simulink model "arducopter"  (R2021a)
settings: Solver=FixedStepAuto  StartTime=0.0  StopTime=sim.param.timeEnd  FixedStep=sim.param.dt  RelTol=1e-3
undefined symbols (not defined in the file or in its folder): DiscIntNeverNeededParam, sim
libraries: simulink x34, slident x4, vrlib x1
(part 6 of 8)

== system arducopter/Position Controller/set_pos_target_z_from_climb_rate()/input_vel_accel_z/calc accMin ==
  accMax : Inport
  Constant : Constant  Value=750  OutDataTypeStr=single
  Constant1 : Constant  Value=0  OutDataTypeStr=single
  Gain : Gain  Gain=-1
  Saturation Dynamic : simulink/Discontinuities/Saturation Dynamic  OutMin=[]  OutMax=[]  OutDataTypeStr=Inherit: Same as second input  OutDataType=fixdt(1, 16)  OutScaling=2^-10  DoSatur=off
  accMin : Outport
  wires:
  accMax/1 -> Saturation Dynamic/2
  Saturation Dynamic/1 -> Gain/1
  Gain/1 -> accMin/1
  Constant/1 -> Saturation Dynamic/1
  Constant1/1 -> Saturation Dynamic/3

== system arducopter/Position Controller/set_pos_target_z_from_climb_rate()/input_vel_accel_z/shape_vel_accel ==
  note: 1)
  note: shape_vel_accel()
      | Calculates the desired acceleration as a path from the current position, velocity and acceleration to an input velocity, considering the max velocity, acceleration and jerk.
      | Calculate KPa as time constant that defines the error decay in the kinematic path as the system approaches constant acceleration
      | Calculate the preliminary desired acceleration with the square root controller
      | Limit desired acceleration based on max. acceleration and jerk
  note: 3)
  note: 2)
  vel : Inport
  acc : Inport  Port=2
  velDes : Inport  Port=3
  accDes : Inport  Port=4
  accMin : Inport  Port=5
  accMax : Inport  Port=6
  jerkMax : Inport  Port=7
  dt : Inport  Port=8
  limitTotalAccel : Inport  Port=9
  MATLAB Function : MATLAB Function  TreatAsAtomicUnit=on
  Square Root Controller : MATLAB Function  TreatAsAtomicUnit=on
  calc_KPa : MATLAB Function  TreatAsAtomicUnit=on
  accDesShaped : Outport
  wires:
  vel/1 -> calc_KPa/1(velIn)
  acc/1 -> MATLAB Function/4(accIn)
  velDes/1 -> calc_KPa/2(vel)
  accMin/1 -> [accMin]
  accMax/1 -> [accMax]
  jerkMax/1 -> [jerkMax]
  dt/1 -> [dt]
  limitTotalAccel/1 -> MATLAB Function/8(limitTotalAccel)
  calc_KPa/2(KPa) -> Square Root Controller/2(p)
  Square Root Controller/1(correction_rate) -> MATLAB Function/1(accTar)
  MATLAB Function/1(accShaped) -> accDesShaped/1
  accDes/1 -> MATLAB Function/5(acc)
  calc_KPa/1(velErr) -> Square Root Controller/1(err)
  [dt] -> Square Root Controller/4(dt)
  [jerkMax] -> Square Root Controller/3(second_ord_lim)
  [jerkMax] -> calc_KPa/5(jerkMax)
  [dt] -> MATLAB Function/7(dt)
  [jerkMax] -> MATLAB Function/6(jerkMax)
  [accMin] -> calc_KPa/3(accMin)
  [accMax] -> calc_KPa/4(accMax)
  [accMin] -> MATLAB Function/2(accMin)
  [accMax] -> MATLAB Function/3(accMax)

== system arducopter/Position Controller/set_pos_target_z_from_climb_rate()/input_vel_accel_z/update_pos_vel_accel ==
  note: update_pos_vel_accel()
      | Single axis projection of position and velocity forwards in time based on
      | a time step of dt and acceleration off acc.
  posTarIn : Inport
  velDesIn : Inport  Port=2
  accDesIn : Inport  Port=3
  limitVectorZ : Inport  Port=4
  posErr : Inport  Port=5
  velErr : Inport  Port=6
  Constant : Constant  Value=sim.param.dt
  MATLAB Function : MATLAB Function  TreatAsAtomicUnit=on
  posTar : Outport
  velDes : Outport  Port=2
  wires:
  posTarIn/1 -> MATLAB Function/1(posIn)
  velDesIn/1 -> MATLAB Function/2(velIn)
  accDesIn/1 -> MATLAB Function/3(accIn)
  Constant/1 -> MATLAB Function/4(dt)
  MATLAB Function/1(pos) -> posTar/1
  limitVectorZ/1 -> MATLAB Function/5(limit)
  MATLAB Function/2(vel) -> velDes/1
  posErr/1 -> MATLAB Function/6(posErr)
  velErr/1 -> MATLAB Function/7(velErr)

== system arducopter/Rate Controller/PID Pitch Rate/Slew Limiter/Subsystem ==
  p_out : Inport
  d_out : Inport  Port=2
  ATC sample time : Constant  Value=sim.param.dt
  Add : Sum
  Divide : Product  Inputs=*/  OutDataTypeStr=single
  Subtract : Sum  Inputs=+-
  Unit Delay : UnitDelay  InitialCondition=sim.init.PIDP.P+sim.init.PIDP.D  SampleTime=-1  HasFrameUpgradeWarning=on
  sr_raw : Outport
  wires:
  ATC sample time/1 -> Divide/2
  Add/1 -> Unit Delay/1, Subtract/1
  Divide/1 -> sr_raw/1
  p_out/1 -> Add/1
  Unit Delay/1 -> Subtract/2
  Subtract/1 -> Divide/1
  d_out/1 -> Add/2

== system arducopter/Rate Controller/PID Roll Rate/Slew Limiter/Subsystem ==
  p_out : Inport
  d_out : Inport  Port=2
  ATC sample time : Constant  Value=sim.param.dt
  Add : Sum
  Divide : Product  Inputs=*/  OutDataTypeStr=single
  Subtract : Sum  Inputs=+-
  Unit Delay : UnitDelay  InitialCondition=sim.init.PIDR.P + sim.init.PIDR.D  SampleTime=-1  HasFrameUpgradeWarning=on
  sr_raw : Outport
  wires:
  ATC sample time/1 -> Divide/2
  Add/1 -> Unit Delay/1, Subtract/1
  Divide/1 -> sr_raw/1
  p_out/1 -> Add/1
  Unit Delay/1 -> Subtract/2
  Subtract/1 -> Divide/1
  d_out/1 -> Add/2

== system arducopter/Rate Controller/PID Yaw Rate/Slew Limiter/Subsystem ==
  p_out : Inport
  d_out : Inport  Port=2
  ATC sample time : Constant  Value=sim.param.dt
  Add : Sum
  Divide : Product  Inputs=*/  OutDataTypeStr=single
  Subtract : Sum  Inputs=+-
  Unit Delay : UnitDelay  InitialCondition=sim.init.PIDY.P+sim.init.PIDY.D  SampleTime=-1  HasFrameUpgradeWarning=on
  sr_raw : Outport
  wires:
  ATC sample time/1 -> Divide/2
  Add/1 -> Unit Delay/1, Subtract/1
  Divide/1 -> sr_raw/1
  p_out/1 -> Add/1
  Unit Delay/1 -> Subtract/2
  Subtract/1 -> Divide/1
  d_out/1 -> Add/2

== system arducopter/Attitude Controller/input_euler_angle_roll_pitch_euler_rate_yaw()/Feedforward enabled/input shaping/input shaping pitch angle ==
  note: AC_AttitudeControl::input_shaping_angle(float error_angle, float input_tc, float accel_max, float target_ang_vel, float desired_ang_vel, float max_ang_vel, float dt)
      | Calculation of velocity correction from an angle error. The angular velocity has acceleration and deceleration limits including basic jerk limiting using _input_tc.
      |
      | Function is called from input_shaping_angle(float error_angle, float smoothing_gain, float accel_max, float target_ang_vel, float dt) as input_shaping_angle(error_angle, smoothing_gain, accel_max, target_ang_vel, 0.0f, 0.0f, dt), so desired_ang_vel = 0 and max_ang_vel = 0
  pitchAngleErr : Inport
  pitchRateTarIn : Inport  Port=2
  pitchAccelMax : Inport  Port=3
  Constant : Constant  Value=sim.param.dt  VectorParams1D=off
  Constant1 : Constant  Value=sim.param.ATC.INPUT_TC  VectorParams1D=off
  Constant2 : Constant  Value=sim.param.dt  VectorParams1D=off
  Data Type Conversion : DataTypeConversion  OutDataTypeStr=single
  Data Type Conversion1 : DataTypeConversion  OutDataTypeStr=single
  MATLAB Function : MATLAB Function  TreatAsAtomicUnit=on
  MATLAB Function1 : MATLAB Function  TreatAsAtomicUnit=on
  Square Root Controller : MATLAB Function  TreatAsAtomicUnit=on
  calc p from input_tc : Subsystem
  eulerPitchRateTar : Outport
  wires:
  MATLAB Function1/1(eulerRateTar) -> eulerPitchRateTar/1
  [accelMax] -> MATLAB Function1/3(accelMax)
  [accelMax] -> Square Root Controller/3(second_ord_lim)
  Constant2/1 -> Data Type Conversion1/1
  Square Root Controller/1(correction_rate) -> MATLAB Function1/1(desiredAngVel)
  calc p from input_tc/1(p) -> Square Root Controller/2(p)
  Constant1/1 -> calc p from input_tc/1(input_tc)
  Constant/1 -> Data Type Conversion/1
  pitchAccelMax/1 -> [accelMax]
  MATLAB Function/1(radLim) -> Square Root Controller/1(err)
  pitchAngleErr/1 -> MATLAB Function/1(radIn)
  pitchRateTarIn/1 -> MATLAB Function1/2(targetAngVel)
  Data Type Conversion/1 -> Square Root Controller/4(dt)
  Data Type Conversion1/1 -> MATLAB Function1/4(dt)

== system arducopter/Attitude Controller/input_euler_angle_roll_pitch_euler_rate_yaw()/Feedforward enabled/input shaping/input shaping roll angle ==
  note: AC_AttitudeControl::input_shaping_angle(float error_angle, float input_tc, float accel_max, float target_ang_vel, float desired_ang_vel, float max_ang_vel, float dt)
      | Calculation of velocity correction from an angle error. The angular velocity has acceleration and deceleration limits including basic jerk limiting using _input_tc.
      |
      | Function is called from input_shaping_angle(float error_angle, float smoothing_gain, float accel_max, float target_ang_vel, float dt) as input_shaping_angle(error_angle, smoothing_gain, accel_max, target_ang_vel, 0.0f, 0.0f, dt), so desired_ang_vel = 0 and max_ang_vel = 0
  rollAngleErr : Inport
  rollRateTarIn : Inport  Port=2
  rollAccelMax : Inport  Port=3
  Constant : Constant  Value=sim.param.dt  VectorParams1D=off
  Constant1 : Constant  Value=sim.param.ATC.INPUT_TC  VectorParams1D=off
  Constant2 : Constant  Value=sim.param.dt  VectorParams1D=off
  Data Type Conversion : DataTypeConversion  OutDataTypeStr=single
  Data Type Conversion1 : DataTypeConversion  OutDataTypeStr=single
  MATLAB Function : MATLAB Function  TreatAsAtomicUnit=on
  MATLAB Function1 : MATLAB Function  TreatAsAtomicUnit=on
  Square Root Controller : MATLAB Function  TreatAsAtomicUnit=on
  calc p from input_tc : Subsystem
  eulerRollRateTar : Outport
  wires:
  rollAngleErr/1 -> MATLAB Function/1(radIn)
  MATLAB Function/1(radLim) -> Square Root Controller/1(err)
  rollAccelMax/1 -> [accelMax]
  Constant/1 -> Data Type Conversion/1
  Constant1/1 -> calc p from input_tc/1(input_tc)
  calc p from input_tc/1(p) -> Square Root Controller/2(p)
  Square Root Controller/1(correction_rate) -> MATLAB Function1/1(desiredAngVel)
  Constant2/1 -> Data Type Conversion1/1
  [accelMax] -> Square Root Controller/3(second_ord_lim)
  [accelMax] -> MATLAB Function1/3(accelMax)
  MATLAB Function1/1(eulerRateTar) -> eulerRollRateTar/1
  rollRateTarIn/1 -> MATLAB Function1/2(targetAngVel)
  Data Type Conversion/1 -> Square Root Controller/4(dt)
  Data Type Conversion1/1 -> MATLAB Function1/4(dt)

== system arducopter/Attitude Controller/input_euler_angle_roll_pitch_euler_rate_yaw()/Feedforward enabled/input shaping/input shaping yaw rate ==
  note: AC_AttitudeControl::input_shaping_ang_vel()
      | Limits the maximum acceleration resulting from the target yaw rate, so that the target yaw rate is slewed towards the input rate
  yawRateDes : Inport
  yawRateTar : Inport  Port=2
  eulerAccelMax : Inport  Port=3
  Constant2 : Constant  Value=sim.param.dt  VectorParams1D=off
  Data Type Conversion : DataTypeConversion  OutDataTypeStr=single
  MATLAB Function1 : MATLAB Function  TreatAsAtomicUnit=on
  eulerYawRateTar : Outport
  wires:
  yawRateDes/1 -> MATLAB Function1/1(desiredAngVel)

_ACTIVITY_
Only a number is wanted: how many lines of the material above hold "velocity"?

_THE ANSWER_
4